With two on and one out and still that 6-5 lead in the eighth inning, Boone went … Chasen Shreve? Chasen Shreve. And you know what? Shreve did the damn thing. He struck out the generally un-strikeout-able Inciarte (career 12.0 K%) and got Albies to ground out to third to end the inning. Cole and Shreve were the unsung heroes for sure. Actually, no, they aren’t unsung. They’re just heroes. Everyone knows what they did was important.
Thankfully, the Yankees added an insurance run in the eighth. Two of them, in fact, on a Giancarlo Stanton short porch dinger. It was a high fly ball that goes out only in this ballpark. The Yankees lost because of a short porch homer Monday night. They added two insurance runs with a short porch homer Tuesday night. Like I said, live by the short porch and die by the short porch. On Tuesday, the Yankees lived.
Boone went to Chapman in the ninth because what else was he supposed to do? Chapman certainly didn’t look fatigued pitching back-to-back-to-back days. His fastball velocity the last three nights:
- Sunday: 101.6 mph average (102.9 mph max)
- Monday: 102.3 mph average (103.7 mph max)
- Tuesday: 102.0 mph average (103.1 mph max)
A freak. An absolute freak. And I mean that in the nicest possible way. Humans are not supposed to a) throw a baseball that hard in general, and b) throw that hard on the third day of back-to-back-to-backs. Two strikeouts in a perfect ninth for Chapman to seal the win. He has a 1.43 ERA (1.44 FIP) and a 44.5% strikeout rate on the season. Dude’s been a monster.

Leftovers
The top four hitters in the lineup (Gardner, Judge, Stanton, Hicks): 7-for-16 (.438) with a double, two homers, four walks, and three strikeouts. The rest of the Yankees: 2-for-16 (.125) with one double (Andujar), four walks, and five strikeouts. The Yankees went 1-for-11 (.091) with runners in scoring position, which is annoying, but you know what? This team has a runner in scoring position even when the bases are empty. Dingers are cool. (And they don’t disappear in the postseason.)

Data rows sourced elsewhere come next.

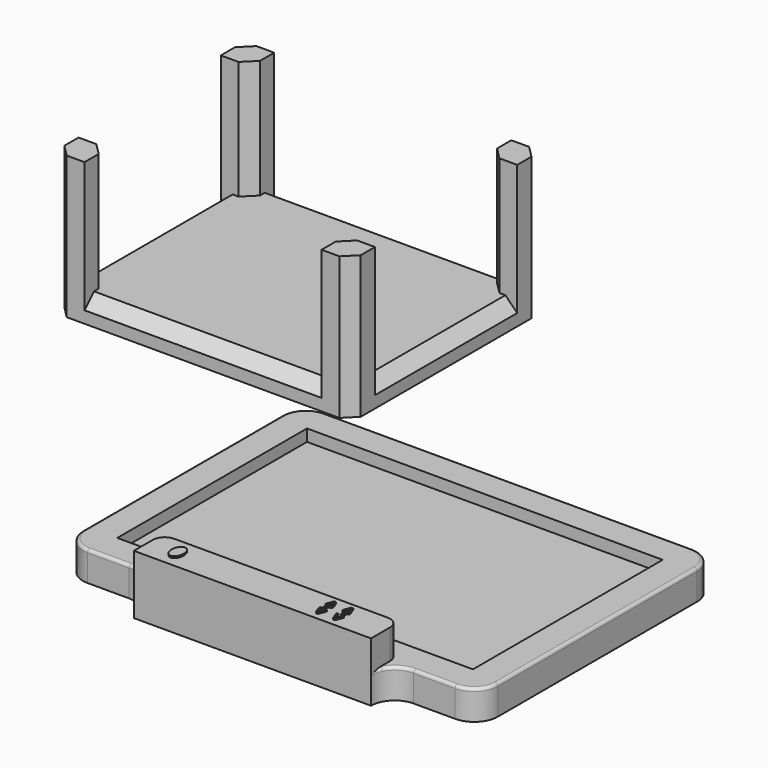
from build123d import *

# Parameters (mm, degrees)
F0_W          = 88.9
F0_H          = 63.5
F1_DEPTH      = 6.35
F2_W          = 76.2
F2_H          = 50.8
F3_DEPTH      = 2.54
F5_DEPTH      = 5.08
F6_DEPTH      = 2.54
F7_R          = 5.07999
F8_R          = 2.54
F10_DEPTH     = 0.381
F12_DEPTH     = 0.254
F13_TEXT_SIZE = 1.5415140206
F14_DEPTH     = 0.254
F15_R         = 0.635
F16_W         = 63.5
F16_H         = 50.8
F17_DEPTH     = 5.08
F18_W         = 6.35
F18_H         = 6.35
F19_DEPTH     = 25.4
F20_SIZE      = 2.54


# Not quite as in the source:
# - a fillet or chamfer is up to 0.001 mm smaller than in the source, because OpenCascade refuses the exact size
# - Text() gives the source's letters only with a copy of the font that has no kerning and outlines rounded to 1/6400 em; it was checked with that copy


with BuildPart() as f1:
    # F0 (on Top) → F1 (new body)
    with BuildSketch(Plane.XY):
        Rectangle(F0_W, F0_H)
    extrude(amount=F1_DEPTH)

    # F2 (on face) → F3 (cut)
    with BuildSketch(Plane.XY.offset(6.35)):
        Rectangle(F2_W, F2_H)
    extrude(amount=-F3_DEPTH, mode=Mode.SUBTRACT)

    # F4 (on face) → F5 (join)
    with BuildSketch(Plane.XZ.offset(31.75)):
        Polygon((0, 0), (25.4, 0), (25.4, 12.7), (-25.4, 12.7), (-25.4, 0), align=None)
    extrude(amount=F5_DEPTH)

    # F6 (add): a face of the model
    f6_faces = [f1.faces().sort_by_distance(p)[0] for p in [
        (0, -31.75, 9.525),
    ]]
    extrude(f6_faces, amount=F6_DEPTH)

    # F7 (radius 5.08 in the source; OpenCascade refuses exactly that, so slightly less here)
    f7_edges = [f1.edges().sort_by_distance(p)[0] for p in [
        (25.4, -31.75, 3.175),
        (-25.4, -31.75, 3.175),
        (44.45, 31.75, 3.175),
        (44.45, -31.75, 3.175),
        (-44.45, -31.75, 3.175),
        (-44.45, 31.75, 3.175),
    ]]
    fillet(f7_edges, radius=F7_R)

    # F8
    f8_edges = [f1.edges().sort_by_distance(p)[0] for p in [
        (-25.4, -29.21, 9.525),
        (25.4, -29.21, 9.525),
    ]]
    fillet(f8_edges, radius=F8_R)

    # F9 (on face) → F10 (join)
    with BuildSketch(Plane.XY.offset(12.7)):
        with BuildLine():
            add(Edge.make_bspline(
                [(-19.9966021105, -34.29), (-18.6904844022, -36.4804259867), (-17.8906539199, -33.7977129933), (-17.0908234377, -31.115), (-19.05, -31.115)],
                knots=[2.300523983, 2.300523983, 2.300523983, 4.2918546451, 4.2918546451, 6.2831853072, 6.2831853072, 6.2831853072], degree=2, weights=[1, 0.5439447166, 1, 0.5439447166, 1]))
            add(Edge.make_bspline(
                [(-19.05, -31.115), (-21.8898063314, -31.115), (-19.9966021105, -34.29)],
                knots=[0, 0, 0, 2.300523983, 2.300523983, 2.300523983], degree=2, weights=[1, 0.4082482905, 1]))
        make_face()
    extrude(amount=F10_DEPTH)

    # F11 (on face) → F12 (join)
    with BuildSketch(Plane.XY.offset(12.7)):
        Polygon((13.558951327, -32.1875824289), (12.9485117749, -30.5782417914), (12.5045557369, -30.5782417914), (11.8941161848, -32.1875824289), (12.1715887085, -32.4650549526), (12.7265337559, -30.8002198104), (13.2814788033, -32.4650549526), align=None)
        Polygon((13.558951327, -33.8524175711), (13.2814788033, -33.5749450474), (12.7265337559, -35.2397801896), (12.1715887085, -33.5749450474), (11.8941161848, -33.8524175711), (12.5045557369, -35.4617582086), (12.9485117749, -35.4617582086), align=None)
        Polygon((15.8214788033, -32.4650549526), (16.3764238507, -30.8002198104), (16.9313688981, -32.4650549526), (17.2088414218, -32.1875824289), (16.5984018697, -30.5782417914), (16.1544458317, -30.5782417914), (15.5440062796, -32.1875824289), align=None)
        Polygon((17.2088414218, -33.8524175711), (16.9313688981, -33.5749450474), (16.3764238507, -35.2397801896), (15.8214788033, -33.5749450474), (15.5440062796, -33.8524175711), (16.1544458317, -35.4617582086), (16.5984018697, -35.4617582086), align=None)
        with BuildLine():
            add(Edge.make_bspline(
                [(12.9833374244, -32.4650549526), (13.0925580635, -32.4786865168), (13.1814148597, -32.5219587856)],
                knots=[0.3150184776, 0.3150184776, 0.3150184776, 1, 1, 1], degree=2))
            Line((12.9833374244, -32.4650549526), (12.7845310367, -32.4650549526))
            add(Edge.make_bspline(
                [(12.5956188329, -32.528107293), (12.6796699423, -32.4796324807), (12.7845310367, -32.4650549526)],
                knots=[0, 0, 0, 0.6992762354, 0.6992762354, 0.6992762354], degree=2))
            add(Edge.make_bspline(
                [(12.4117664064, -32.725462324), (12.4754215416, -32.5974286997), (12.5956188329, -32.528107293)],
                knots=[0, 0, 0, 1, 1, 1], degree=2))
            add(Edge.make_bspline(
                [(12.3481112711, -33.0237252115), (12.3481112711, -32.8534959483), (12.4117664064, -32.725462324)],
                knots=[0, 0, 0, 1, 1, 1], degree=2))
            add(Edge.make_bspline(
                [(12.4803644593, -33.4435115389), (12.3481112711, -33.2957062438), (12.3481112711, -33.0237252115)],
                knots=[0, 0, 0, 1, 1, 1], degree=2))
            add(Edge.make_bspline(
                [(12.7062646704, -33.5749450474), (12.5686017875, -33.5421249978), (12.4803644593, -33.4435115389)],
                knots=[0.3328151143, 0.3328151143, 0.3328151143, 1, 1, 1], degree=2))
            Line((12.7062646704, -33.5749450474), (13.0426146558, -33.5749450474))
            add(Edge.make_bspline(
                [(13.138495867, -33.5481567233), (13.0945039433, -33.5647347325), (13.0426146558, -33.5749450474)],
                knots=[0, 0, 0, 0.3841048806, 0.3841048806, 0.3841048806], degree=2))
            Line((13.138495867, -33.5481567233), (13.138495867, -33.4360368829))
            add(Edge.make_bspline(
                [(12.8754361982, -33.477509168), (12.9906905719, -33.477509168), (13.138495867, -33.4360368829)],
                knots=[0, 0, 0, 1, 1, 1], degree=2))
            add(Edge.make_bspline(
                [(12.5864563513, -33.359481938), (12.6878464436, -33.477509168), (12.8754361982, -33.477509168)],
                knots=[0, 0, 0, 1, 1, 1], degree=2))
            add(Edge.make_bspline(
                [(12.4850662591, -33.025413037), (12.4850662591, -33.2414547081), (12.5864563513, -33.359481938)],
                knots=[0, 0, 0, 1, 1, 1], degree=2))
            add(Edge.make_bspline(
                [(12.5901936794, -32.6942375512), (12.4850662591, -32.8151581964), (12.4850662591, -33.025413037)],
                knots=[0, 0, 0, 1, 1, 1], degree=2))
            add(Edge.make_bspline(
                [(12.8768829059, -32.5733169061), (12.6953210997, -32.5733169061), (12.5901936794, -32.6942375512)],
                knots=[0, 0, 0, 1, 1, 1], degree=2))
            add(Edge.make_bspline(
                [(13.1271633239, -32.6319085647), (13.0020231149, -32.5733169061), (12.8768829059, -32.5733169061)],
                knots=[0, 0, 0, 1, 1, 1], degree=2))
            Line((13.1271633239, -32.6319085647), (13.1814148597, -32.5219587856))
        make_face()
    extrude(amount=F12_DEPTH)

    # F13 (on face) → F14 (join)
    with BuildSketch(Plane.XY.offset(12.7)):
        with Locations((15.9681495279, -33.5749450474)):
            Text('V', F13_TEXT_SIZE, font='Open Sans', text_align=(TextAlign.LEFT, TextAlign.BOTTOM))
    extrude(amount=F14_DEPTH)

    # F15
    f15_edges = [f1.edges().sort_by_distance(p)[0] for p in [
        (0, 31.75, 6.35),
        (-44.45, 0, 6.35),
        (44.45, 0, 6.35),
        (-34.925, -31.75, 6.35),
        (34.925, -31.75, 6.35),
        (42.962105, -30.262105, 6.35),
        (42.962105, 30.262105, 6.35),
        (-42.962105, 30.262105, 6.35),
        (-42.962105, -30.262105, 6.35),
    ]]
    fillet(f15_edges, radius=F15_R)


with BuildPart() as f17:
    # F16 (on Top) → F17 (new body)
    with BuildSketch(Plane.XY):
        with Locations((-73.0734094977, 66.6826953449)):
            Rectangle(F16_W, F16_H)
    extrude(amount=F17_DEPTH)

    # F18 (on face) → F19 (join)
    with BuildSketch(Plane.XY.offset(5.08)):
        with Locations((-101.6484094977, 88.9076953449)):
            Rectangle(F18_W, F18_H)
        with Locations((-44.4984094977, 88.9076953449)):
            Rectangle(F18_W, F18_H)
        with Locations((-44.4984094977, 44.4576953449)):
            Rectangle(F18_W, F18_H)
        with Locations((-101.6484094977, 44.4576953449)):
            Rectangle(F18_W, F18_H)
    extrude(amount=F19_DEPTH)

    # F20
    f20_edges = [f17.edges().sort_by_distance(p)[0] for p in [
        (-41.323409, 41.282695, 15.24),
        (-41.323409, 92.082695, 15.24),
        (-104.823409, 41.282695, 15.24),
        (-104.823409, 92.082695, 15.24),
        (-73.073409, 92.082695, 5.08),
        (-41.323409, 66.682695, 5.08),
        (-73.073409, 41.282695, 5.08),
        (-104.823409, 66.682695, 5.08),
        (-98.473409, 47.632695, 17.78),
        (-98.473409, 85.732695, 17.78),
        (-47.673409, 85.732695, 17.78),
        (-47.673409, 47.632695, 17.78),
    ]]
    chamfer(f20_edges, length=F20_SIZE)


solid = Compound([f1.part, f17.part])

And finally, for the very first time this season, Boone wore his jersey in the dugout. Usually he wears a pullover, which is fine, I couldn’t care less what the manager wears, but if you were wondering when he’d wear his No. 17 jersey, Tuesday was the night.
Box Score, WPA Graph & Standings
For the box score and updated standings, go to ESPN. For the video highlights, go to MLB. Here’s our Bullpen Workload page and here’s the win probability graph:
Source: FanGraphs
Up Next
An Independence Day matinee. The Yankees and Braves will wrap up this three-game interleague series Wednesday afternoon. That’s a 1:05pm ET start. CC Sabathia and Julio Teheran will start.